- Opening Delimiter -
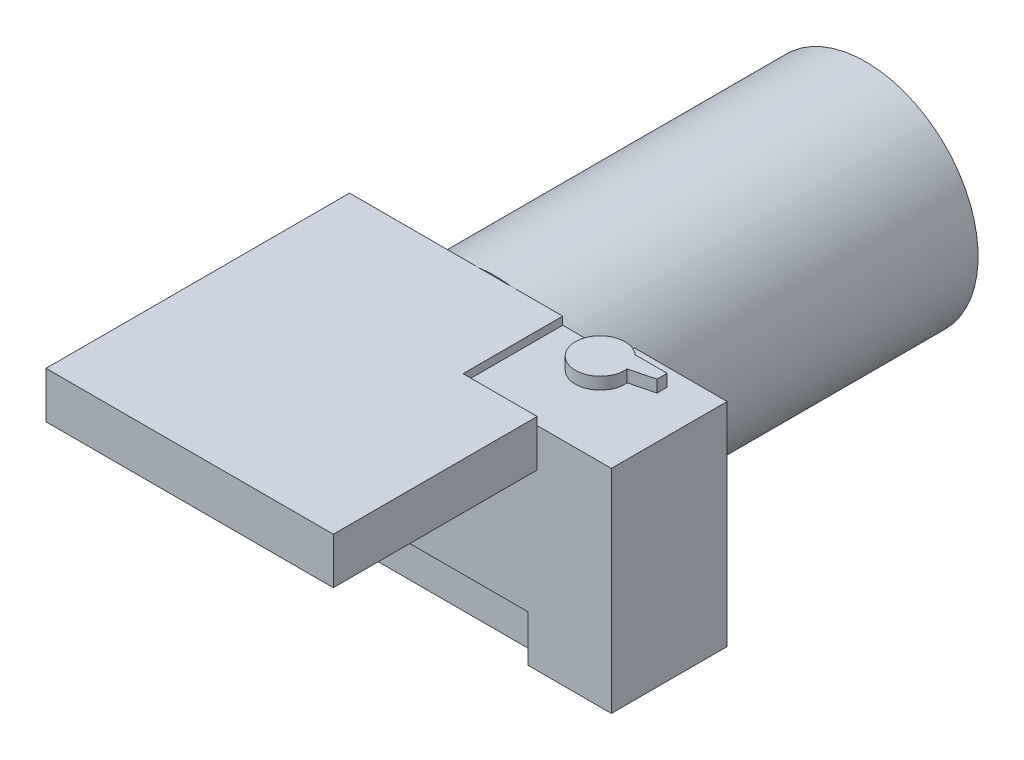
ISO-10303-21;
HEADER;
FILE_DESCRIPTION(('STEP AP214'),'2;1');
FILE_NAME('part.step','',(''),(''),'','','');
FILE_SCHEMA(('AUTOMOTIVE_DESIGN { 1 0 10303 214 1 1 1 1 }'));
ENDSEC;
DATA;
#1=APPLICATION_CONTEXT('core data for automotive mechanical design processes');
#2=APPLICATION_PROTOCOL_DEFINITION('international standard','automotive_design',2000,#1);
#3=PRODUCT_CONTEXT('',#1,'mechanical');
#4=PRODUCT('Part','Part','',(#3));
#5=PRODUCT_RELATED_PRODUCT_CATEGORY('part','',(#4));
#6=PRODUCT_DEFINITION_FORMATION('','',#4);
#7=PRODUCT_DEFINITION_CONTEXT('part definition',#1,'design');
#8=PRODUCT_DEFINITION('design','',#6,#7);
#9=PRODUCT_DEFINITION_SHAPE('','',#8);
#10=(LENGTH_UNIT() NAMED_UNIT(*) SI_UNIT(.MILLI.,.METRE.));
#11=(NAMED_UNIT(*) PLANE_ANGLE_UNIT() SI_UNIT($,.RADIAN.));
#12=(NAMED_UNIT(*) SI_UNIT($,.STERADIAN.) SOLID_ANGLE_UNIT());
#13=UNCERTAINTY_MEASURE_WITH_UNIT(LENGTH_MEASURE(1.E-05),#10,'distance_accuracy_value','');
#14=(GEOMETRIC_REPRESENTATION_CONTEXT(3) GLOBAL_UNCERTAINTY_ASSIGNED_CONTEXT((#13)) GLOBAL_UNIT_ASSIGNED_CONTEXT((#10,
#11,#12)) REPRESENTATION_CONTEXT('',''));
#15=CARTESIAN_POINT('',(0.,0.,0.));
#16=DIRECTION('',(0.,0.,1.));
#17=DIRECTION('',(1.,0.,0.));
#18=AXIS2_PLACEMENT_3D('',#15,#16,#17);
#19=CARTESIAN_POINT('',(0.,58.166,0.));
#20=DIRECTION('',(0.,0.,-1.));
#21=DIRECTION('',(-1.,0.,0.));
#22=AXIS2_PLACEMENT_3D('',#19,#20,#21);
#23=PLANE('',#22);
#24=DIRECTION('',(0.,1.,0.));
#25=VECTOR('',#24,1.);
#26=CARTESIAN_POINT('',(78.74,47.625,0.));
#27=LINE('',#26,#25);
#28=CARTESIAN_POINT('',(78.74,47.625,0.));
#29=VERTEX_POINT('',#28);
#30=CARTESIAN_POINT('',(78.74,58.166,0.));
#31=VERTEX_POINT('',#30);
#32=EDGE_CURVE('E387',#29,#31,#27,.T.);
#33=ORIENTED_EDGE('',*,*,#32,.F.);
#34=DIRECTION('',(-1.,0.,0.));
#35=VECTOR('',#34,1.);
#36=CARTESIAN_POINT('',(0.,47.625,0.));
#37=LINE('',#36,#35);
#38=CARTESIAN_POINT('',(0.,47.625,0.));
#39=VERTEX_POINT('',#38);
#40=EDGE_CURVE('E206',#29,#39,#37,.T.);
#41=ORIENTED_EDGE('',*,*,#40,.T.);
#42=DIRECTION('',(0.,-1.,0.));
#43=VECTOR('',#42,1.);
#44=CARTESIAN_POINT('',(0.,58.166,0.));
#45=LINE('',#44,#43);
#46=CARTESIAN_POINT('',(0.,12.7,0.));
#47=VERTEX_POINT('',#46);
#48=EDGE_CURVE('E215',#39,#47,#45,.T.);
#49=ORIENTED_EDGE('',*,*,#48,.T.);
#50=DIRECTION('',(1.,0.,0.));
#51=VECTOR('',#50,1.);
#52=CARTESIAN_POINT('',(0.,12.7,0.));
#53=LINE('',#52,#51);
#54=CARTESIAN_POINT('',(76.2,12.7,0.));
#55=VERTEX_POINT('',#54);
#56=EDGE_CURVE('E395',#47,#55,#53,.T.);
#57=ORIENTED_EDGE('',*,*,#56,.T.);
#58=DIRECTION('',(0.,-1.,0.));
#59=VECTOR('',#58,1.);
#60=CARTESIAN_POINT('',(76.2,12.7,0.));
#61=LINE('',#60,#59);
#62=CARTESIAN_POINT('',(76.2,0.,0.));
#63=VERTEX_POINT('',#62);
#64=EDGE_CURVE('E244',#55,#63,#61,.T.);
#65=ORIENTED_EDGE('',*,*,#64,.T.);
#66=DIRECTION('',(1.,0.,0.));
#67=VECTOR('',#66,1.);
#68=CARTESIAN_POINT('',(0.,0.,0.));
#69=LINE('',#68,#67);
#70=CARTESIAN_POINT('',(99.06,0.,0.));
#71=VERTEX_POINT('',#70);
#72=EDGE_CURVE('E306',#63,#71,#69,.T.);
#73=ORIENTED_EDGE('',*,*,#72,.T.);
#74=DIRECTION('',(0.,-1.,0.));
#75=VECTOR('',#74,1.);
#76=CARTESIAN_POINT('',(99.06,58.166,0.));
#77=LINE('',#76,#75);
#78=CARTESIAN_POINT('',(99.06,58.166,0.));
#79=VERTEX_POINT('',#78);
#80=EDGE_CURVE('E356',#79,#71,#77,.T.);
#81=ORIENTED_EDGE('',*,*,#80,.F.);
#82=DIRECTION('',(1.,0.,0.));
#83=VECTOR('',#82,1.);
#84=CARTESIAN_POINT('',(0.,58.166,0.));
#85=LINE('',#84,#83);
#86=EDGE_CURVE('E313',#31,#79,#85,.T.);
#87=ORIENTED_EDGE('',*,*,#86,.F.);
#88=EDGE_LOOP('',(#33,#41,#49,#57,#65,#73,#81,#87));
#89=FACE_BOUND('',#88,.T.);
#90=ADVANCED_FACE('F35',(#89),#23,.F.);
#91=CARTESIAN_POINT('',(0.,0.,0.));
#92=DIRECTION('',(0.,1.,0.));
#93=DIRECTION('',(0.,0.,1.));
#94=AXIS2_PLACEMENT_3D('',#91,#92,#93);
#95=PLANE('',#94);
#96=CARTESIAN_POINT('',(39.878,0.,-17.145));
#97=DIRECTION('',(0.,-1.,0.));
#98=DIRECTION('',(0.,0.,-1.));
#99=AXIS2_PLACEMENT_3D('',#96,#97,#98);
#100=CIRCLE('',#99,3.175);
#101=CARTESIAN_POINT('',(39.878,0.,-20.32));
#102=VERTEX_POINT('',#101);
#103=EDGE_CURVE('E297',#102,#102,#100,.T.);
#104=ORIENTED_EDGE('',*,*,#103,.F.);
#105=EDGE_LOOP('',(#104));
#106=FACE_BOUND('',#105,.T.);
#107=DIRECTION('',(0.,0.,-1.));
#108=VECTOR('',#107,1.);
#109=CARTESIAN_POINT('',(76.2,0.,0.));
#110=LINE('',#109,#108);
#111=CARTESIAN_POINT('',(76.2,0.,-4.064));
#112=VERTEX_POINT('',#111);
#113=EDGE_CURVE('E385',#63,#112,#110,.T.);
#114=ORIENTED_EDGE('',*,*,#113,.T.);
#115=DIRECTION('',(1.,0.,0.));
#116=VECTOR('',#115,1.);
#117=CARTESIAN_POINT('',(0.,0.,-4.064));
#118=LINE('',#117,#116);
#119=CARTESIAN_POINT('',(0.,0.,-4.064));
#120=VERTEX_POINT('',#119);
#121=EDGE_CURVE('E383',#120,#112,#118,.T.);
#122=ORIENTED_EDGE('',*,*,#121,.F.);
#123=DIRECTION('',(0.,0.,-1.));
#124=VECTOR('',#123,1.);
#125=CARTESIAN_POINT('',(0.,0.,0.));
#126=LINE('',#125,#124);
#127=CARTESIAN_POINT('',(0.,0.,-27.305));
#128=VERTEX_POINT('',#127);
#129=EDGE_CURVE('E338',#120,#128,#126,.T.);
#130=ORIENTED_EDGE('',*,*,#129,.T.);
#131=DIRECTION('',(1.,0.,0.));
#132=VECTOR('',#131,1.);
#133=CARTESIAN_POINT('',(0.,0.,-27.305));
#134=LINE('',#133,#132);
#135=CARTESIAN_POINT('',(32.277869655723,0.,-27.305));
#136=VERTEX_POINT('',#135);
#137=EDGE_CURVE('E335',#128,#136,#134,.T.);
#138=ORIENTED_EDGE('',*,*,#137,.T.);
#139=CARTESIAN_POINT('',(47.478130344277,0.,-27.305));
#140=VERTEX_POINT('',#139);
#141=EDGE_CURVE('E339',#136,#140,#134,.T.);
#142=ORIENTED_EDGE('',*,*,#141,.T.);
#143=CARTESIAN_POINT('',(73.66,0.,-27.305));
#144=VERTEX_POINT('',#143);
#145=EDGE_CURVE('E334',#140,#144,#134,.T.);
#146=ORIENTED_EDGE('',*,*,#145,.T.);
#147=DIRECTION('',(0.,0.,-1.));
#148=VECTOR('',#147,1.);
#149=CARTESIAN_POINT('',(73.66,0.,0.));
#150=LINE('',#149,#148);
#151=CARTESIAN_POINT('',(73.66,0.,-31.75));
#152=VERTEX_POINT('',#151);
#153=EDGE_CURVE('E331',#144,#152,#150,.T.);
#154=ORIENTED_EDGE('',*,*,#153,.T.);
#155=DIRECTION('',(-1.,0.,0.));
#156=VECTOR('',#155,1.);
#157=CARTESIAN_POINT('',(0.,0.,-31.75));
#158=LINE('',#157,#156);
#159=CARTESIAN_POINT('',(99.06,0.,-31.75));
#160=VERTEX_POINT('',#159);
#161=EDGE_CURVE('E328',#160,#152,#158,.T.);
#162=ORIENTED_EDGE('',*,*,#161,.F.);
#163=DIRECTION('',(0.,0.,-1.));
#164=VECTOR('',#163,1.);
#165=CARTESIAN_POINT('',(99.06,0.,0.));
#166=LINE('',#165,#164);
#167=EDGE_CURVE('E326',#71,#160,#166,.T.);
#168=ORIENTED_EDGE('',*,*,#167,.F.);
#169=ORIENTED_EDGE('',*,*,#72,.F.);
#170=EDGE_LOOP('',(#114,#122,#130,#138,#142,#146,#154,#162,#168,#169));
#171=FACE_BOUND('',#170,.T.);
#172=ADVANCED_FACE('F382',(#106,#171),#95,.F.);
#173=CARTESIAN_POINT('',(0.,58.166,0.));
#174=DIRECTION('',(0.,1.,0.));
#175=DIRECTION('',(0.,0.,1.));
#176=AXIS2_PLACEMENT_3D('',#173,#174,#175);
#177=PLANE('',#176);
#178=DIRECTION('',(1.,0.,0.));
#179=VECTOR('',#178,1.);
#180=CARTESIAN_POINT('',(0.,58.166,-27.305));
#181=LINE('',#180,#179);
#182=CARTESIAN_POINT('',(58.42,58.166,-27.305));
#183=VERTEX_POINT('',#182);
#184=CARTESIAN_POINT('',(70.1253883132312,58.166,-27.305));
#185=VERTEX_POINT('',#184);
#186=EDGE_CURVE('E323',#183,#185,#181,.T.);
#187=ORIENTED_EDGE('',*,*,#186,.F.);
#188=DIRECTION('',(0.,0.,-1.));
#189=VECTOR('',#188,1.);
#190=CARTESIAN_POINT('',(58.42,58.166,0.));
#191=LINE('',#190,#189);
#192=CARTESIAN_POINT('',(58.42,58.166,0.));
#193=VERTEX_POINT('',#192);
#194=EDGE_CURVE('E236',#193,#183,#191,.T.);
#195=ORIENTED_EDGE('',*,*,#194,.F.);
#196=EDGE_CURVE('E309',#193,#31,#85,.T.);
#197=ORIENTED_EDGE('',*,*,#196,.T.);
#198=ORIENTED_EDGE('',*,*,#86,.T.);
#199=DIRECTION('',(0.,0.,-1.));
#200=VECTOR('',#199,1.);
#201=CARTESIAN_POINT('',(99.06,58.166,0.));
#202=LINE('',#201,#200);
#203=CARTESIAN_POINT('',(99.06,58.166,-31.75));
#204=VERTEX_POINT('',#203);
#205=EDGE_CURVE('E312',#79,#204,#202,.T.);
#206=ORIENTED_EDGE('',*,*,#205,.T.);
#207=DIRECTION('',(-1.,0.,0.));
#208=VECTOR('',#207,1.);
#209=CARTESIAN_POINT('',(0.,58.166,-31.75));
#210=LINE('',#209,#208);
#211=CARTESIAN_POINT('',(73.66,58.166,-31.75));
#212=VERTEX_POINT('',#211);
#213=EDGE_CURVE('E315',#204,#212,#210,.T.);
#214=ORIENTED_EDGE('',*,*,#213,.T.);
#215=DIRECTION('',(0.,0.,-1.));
- Closing Delimiter -
## Work task:
Beginning with the line holding "#150=LINE('',#149,#148);" and ending with the line holding "#187=ORIENTED_EDGE('',*,*,#186,.F.);", write out the stretch of material above exactly; add no further lines.

## Solution below:
#150=LINE('',#149,#148);
#151=CARTESIAN_POINT('',(73.66,0.,-31.75));
#152=VERTEX_POINT('',#151);
#153=EDGE_CURVE('E331',#144,#152,#150,.T.);
#154=ORIENTED_EDGE('',*,*,#153,.T.);
#155=DIRECTION('',(-1.,0.,0.));
#156=VECTOR('',#155,1.);
#157=CARTESIAN_POINT('',(0.,0.,-31.75));
#158=LINE('',#157,#156);
#159=CARTESIAN_POINT('',(99.06,0.,-31.75));
#160=VERTEX_POINT('',#159);
#161=EDGE_CURVE('E328',#160,#152,#158,.T.);
#162=ORIENTED_EDGE('',*,*,#161,.F.);
#163=DIRECTION('',(0.,0.,-1.));
#164=VECTOR('',#163,1.);
#165=CARTESIAN_POINT('',(99.06,0.,0.));
#166=LINE('',#165,#164);
#167=EDGE_CURVE('E326',#71,#160,#166,.T.);
#168=ORIENTED_EDGE('',*,*,#167,.F.);
#169=ORIENTED_EDGE('',*,*,#72,.F.);
#170=EDGE_LOOP('',(#114,#122,#130,#138,#142,#146,#154,#162,#168,#169));
#171=FACE_BOUND('',#170,.T.);
#172=ADVANCED_FACE('F382',(#106,#171),#95,.F.);
#173=CARTESIAN_POINT('',(0.,58.166,0.));
#174=DIRECTION('',(0.,1.,0.));
#175=DIRECTION('',(0.,0.,1.));
#176=AXIS2_PLACEMENT_3D('',#173,#174,#175);
#177=PLANE('',#176);
#178=DIRECTION('',(1.,0.,0.));
#179=VECTOR('',#178,1.);
#180=CARTESIAN_POINT('',(0.,58.166,-27.305));
#181=LINE('',#180,#179);
#182=CARTESIAN_POINT('',(58.42,58.166,-27.305));
#183=VERTEX_POINT('',#182);
#184=CARTESIAN_POINT('',(70.1253883132312,58.166,-27.305));
#185=VERTEX_POINT('',#184);
#186=EDGE_CURVE('E323',#183,#185,#181,.T.);
#187=ORIENTED_EDGE('',*,*,#186,.F.);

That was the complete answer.